Exercise prompt
Apart from the images, the entire listing below must be restated word for word.

Data for review
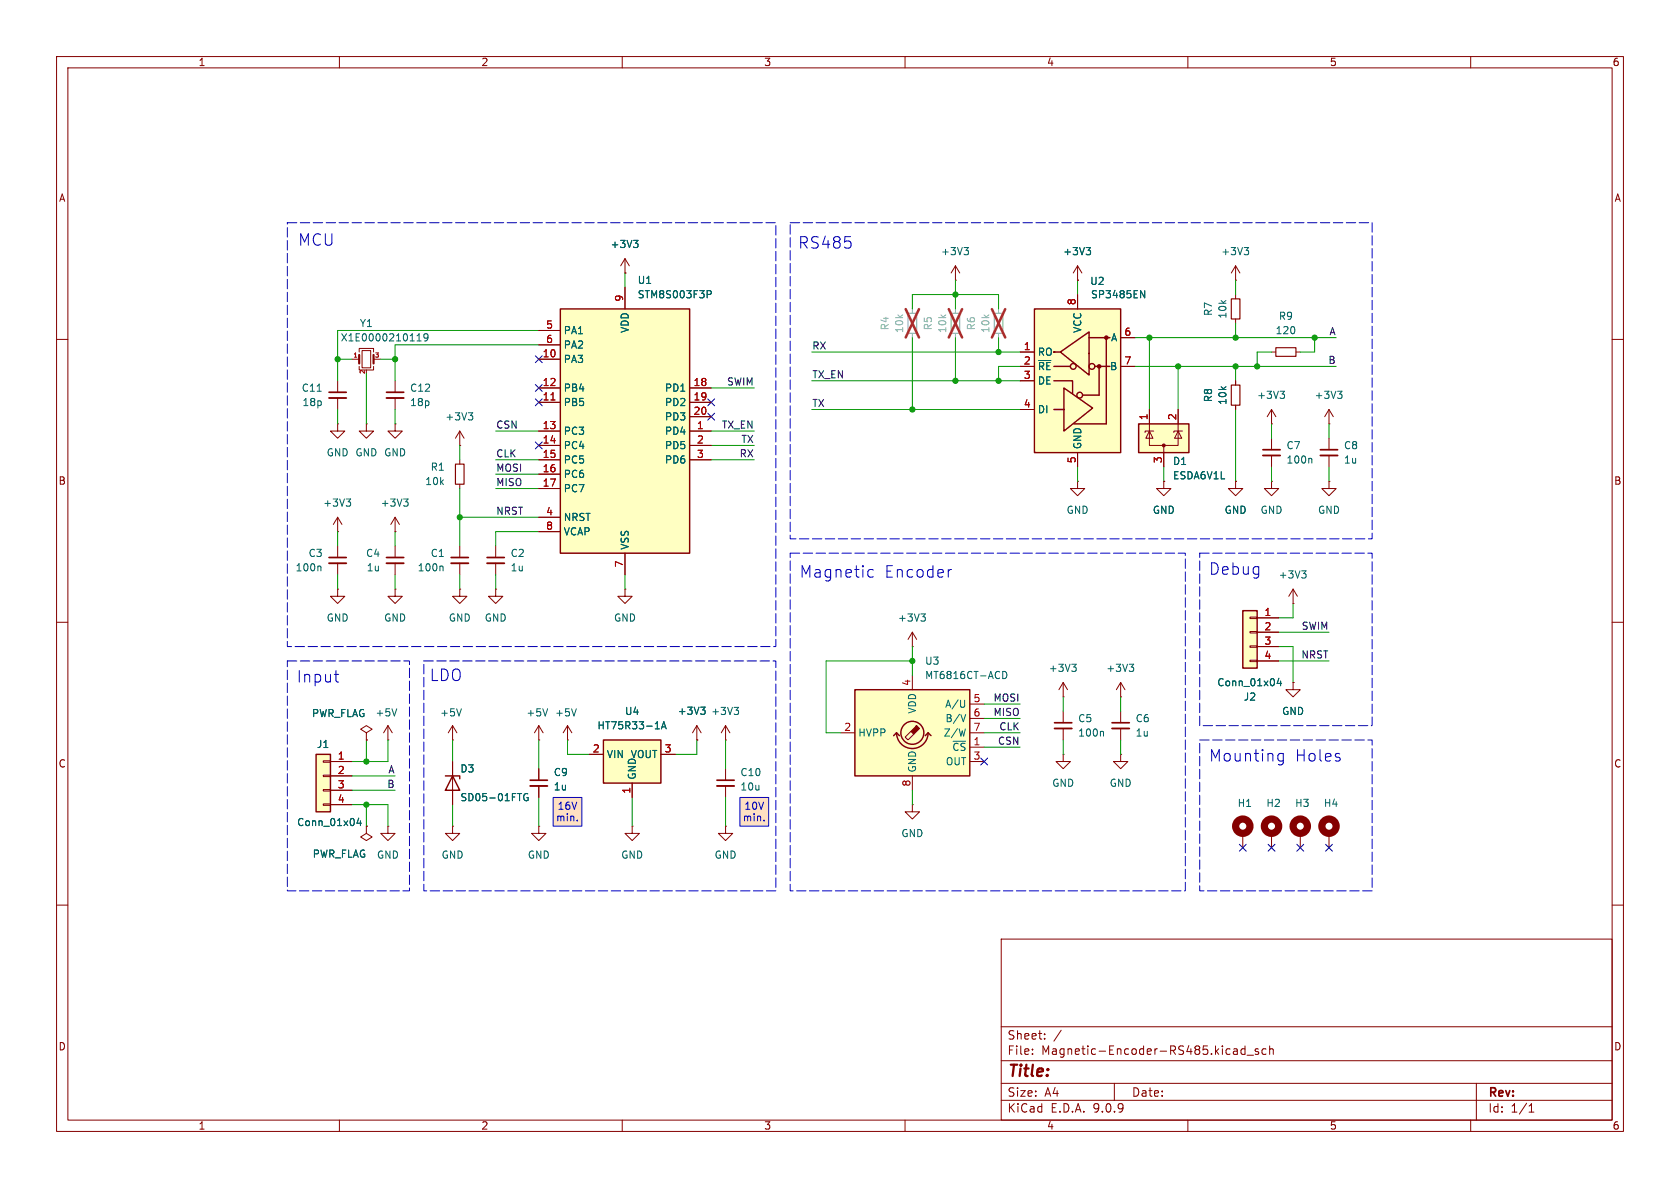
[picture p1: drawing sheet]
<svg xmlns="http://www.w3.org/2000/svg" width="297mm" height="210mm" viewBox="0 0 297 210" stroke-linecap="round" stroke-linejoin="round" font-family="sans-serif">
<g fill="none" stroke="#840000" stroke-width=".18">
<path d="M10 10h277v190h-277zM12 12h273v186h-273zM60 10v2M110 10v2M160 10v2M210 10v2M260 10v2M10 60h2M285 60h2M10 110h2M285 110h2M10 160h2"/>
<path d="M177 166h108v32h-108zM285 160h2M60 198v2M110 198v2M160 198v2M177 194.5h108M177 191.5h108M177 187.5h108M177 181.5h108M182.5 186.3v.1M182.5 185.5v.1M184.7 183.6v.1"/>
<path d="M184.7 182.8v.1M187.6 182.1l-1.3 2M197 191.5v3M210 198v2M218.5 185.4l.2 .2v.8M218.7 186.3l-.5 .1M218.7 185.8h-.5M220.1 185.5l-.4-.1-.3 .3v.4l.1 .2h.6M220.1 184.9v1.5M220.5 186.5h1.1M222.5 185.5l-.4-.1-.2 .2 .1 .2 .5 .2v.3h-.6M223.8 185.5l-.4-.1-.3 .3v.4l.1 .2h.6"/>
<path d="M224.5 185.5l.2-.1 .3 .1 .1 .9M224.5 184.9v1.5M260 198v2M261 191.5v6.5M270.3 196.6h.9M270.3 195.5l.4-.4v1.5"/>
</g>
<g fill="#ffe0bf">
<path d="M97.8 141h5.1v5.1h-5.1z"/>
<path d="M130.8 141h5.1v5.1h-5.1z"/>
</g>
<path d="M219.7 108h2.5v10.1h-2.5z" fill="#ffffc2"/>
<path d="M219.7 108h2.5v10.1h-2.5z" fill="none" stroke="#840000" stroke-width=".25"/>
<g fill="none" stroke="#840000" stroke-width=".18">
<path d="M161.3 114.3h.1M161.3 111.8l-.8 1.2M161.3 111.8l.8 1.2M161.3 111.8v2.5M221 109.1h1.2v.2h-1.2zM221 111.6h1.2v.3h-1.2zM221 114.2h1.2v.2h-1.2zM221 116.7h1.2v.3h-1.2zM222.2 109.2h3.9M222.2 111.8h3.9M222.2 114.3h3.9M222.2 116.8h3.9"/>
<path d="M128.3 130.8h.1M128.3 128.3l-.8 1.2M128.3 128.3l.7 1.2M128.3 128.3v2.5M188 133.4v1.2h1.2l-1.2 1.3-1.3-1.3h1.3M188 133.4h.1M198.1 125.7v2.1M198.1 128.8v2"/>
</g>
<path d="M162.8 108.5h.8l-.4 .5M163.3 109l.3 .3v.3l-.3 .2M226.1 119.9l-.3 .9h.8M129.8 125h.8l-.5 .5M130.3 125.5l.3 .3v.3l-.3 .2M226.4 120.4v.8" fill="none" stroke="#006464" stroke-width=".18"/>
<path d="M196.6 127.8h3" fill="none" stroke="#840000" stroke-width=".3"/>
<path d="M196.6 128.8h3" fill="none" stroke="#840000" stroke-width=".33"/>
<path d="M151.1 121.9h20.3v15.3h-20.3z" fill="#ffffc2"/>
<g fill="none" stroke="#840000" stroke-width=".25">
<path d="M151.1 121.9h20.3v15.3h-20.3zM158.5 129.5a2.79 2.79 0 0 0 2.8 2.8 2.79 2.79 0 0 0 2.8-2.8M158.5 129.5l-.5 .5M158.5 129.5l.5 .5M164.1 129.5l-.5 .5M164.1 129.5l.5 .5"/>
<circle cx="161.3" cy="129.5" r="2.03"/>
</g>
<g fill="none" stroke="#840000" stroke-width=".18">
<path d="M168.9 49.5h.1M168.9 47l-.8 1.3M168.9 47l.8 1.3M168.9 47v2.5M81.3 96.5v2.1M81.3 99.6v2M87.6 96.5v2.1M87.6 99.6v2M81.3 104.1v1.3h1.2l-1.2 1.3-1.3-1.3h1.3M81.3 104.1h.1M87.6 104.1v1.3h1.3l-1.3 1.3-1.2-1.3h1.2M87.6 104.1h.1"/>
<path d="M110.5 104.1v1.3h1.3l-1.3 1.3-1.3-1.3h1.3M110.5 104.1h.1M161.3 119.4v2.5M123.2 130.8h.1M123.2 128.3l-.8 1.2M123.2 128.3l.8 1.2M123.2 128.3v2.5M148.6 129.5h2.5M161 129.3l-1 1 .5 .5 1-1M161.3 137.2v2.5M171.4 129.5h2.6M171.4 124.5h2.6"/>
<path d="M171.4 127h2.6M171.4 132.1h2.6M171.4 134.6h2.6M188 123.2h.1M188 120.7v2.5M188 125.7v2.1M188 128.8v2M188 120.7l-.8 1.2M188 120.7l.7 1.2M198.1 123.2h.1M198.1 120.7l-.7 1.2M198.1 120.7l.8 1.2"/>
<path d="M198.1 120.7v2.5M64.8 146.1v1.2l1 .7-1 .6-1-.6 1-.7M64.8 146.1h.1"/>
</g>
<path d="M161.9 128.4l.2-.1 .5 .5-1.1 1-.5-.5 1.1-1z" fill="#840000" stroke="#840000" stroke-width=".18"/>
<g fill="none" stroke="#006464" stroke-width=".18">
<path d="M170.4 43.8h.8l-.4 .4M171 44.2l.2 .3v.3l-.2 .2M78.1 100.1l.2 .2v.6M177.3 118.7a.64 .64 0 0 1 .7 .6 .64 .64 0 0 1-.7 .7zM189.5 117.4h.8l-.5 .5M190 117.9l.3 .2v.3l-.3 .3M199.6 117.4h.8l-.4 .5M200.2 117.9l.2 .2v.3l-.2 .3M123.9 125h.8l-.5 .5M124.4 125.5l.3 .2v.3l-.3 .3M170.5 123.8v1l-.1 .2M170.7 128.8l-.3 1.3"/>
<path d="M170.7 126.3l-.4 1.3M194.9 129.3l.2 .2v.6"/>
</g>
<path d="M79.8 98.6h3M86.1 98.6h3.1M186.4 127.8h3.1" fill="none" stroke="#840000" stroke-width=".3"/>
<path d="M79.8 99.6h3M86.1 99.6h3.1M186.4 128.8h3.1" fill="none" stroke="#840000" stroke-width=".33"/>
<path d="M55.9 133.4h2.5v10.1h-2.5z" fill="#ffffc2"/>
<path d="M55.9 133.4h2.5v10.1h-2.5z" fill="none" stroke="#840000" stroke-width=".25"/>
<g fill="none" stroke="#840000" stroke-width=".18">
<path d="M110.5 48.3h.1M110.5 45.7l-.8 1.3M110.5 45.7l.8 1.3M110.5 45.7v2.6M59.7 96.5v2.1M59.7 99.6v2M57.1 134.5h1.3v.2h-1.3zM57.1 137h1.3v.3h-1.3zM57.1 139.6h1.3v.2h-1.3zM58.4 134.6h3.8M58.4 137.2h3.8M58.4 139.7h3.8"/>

Response to the task
[picture p1: drawing sheet]
<svg xmlns="http://www.w3.org/2000/svg" width="297mm" height="210mm" viewBox="0 0 297 210" stroke-linecap="round" stroke-linejoin="round" font-family="sans-serif">
<g fill="none" stroke="#840000" stroke-width=".18">
<path d="M10 10h277v190h-277zM12 12h273v186h-273zM60 10v2M110 10v2M160 10v2M210 10v2M260 10v2M10 60h2M285 60h2M10 110h2M285 110h2M10 160h2"/>
<path d="M177 166h108v32h-108zM285 160h2M60 198v2M110 198v2M160 198v2M177 194.5h108M177 191.5h108M177 187.5h108M177 181.5h108M182.5 186.3v.1M182.5 185.5v.1M184.7 183.6v.1"/>
<path d="M184.7 182.8v.1M187.6 182.1l-1.3 2M197 191.5v3M210 198v2M218.5 185.4l.2 .2v.8M218.7 186.3l-.5 .1M218.7 185.8h-.5M220.1 185.5l-.4-.1-.3 .3v.4l.1 .2h.6M220.1 184.9v1.5M220.5 186.5h1.1M222.5 185.5l-.4-.1-.2 .2 .1 .2 .5 .2v.3h-.6M223.8 185.5l-.4-.1-.3 .3v.4l.1 .2h.6"/>
<path d="M224.5 185.5l.2-.1 .3 .1 .1 .9M224.5 184.9v1.5M260 198v2M261 191.5v6.5M270.3 196.6h.9M270.3 195.5l.4-.4v1.5"/>
</g>
<g fill="#ffe0bf">
<path d="M97.8 141h5.1v5.1h-5.1z"/>
<path d="M130.8 141h5.1v5.1h-5.1z"/>
</g>
<path d="M219.7 108h2.5v10.1h-2.5z" fill="#ffffc2"/>
<path d="M219.7 108h2.5v10.1h-2.5z" fill="none" stroke="#840000" stroke-width=".25"/>
<g fill="none" stroke="#840000" stroke-width=".18">
<path d="M161.3 114.3h.1M161.3 111.8l-.8 1.2M161.3 111.8l.8 1.2M161.3 111.8v2.5M221 109.1h1.2v.2h-1.2zM221 111.6h1.2v.3h-1.2zM221 114.2h1.2v.2h-1.2zM221 116.7h1.2v.3h-1.2zM222.2 109.2h3.9M222.2 111.8h3.9M222.2 114.3h3.9M222.2 116.8h3.9"/>
<path d="M128.3 130.8h.1M128.3 128.3l-.8 1.2M128.3 128.3l.7 1.2M128.3 128.3v2.5M188 133.4v1.2h1.2l-1.2 1.3-1.3-1.3h1.3M188 133.4h.1M198.1 125.7v2.1M198.1 128.8v2"/>
</g>
<path d="M162.8 108.5h.8l-.4 .5M163.3 109l.3 .3v.3l-.3 .2M226.1 119.9l-.3 .9h.8M129.8 125h.8l-.5 .5M130.3 125.5l.3 .3v.3l-.3 .2M226.4 120.4v.8" fill="none" stroke="#006464" stroke-width=".18"/>
<path d="M196.6 127.8h3" fill="none" stroke="#840000" stroke-width=".3"/>
<path d="M196.6 128.8h3" fill="none" stroke="#840000" stroke-width=".33"/>
<path d="M151.1 121.9h20.3v15.3h-20.3z" fill="#ffffc2"/>
<g fill="none" stroke="#840000" stroke-width=".25">
<path d="M151.1 121.9h20.3v15.3h-20.3zM158.5 129.5a2.79 2.79 0 0 0 2.8 2.8 2.79 2.79 0 0 0 2.8-2.8M158.5 129.5l-.5 .5M158.5 129.5l.5 .5M164.1 129.5l-.5 .5M164.1 129.5l.5 .5"/>
<circle cx="161.3" cy="129.5" r="2.03"/>
</g>
<g fill="none" stroke="#840000" stroke-width=".18">
<path d="M168.9 49.5h.1M168.9 47l-.8 1.3M168.9 47l.8 1.3M168.9 47v2.5M81.3 96.5v2.1M81.3 99.6v2M87.6 96.5v2.1M87.6 99.6v2M81.3 104.1v1.3h1.2l-1.2 1.3-1.3-1.3h1.3M81.3 104.1h.1M87.6 104.1v1.3h1.3l-1.3 1.3-1.2-1.3h1.2M87.6 104.1h.1"/>
<path d="M110.5 104.1v1.3h1.3l-1.3 1.3-1.3-1.3h1.3M110.5 104.1h.1M161.3 119.4v2.5M123.2 130.8h.1M123.2 128.3l-.8 1.2M123.2 128.3l.8 1.2M123.2 128.3v2.5M148.6 129.5h2.5M161 129.3l-1 1 .5 .5 1-1M161.3 137.2v2.5M171.4 129.5h2.6M171.4 124.5h2.6"/>
<path d="M171.4 127h2.6M171.4 132.1h2.6M171.4 134.6h2.6M188 123.2h.1M188 120.7v2.5M188 125.7v2.1M188 128.8v2M188 120.7l-.8 1.2M188 120.7l.7 1.2M198.1 123.2h.1M198.1 120.7l-.7 1.2M198.1 120.7l.8 1.2"/>
<path d="M198.1 120.7v2.5M64.8 146.1v1.2l1 .7-1 .6-1-.6 1-.7M64.8 146.1h.1"/>
</g>
<path d="M161.9 128.4l.2-.1 .5 .5-1.1 1-.5-.5 1.1-1z" fill="#840000" stroke="#840000" stroke-width=".18"/>
<g fill="none" stroke="#006464" stroke-width=".18">
<path d="M170.4 43.8h.8l-.4 .4M171 44.2l.2 .3v.3l-.2 .2M78.1 100.1l.2 .2v.6M177.3 118.7a.64 .64 0 0 1 .7 .6 .64 .64 0 0 1-.7 .7zM189.5 117.4h.8l-.5 .5M190 117.9l.3 .2v.3l-.3 .3M199.6 117.4h.8l-.4 .5M200.2 117.9l.2 .2v.3l-.2 .3M123.9 125h.8l-.5 .5M124.4 125.5l.3 .2v.3l-.3 .3M170.5 123.8v1l-.1 .2M170.7 128.8l-.3 1.3"/>
<path d="M170.7 126.3l-.4 1.3M194.9 129.3l.2 .2v.6"/>
</g>
<path d="M79.8 98.6h3M86.1 98.6h3.1M186.4 127.8h3.1" fill="none" stroke="#840000" stroke-width=".3"/>
<path d="M79.8 99.6h3M86.1 99.6h3.1M186.4 128.8h3.1" fill="none" stroke="#840000" stroke-width=".33"/>
<path d="M55.9 133.4h2.5v10.1h-2.5z" fill="#ffffc2"/>
<path d="M55.9 133.4h2.5v10.1h-2.5z" fill="none" stroke="#840000" stroke-width=".25"/>
<g fill="none" stroke="#840000" stroke-width=".18">
<path d="M110.5 48.3h.1M110.5 45.7l-.8 1.3M110.5 45.7l.8 1.3M110.5 45.7v2.6M59.7 96.5v2.1M59.7 99.6v2M57.1 134.5h1.3v.2h-1.3zM57.1 137h1.3v.3h-1.3zM57.1 139.6h1.3v.2h-1.3zM58.4 134.6h3.8M58.4 137.2h3.8M58.4 139.7h3.8"/>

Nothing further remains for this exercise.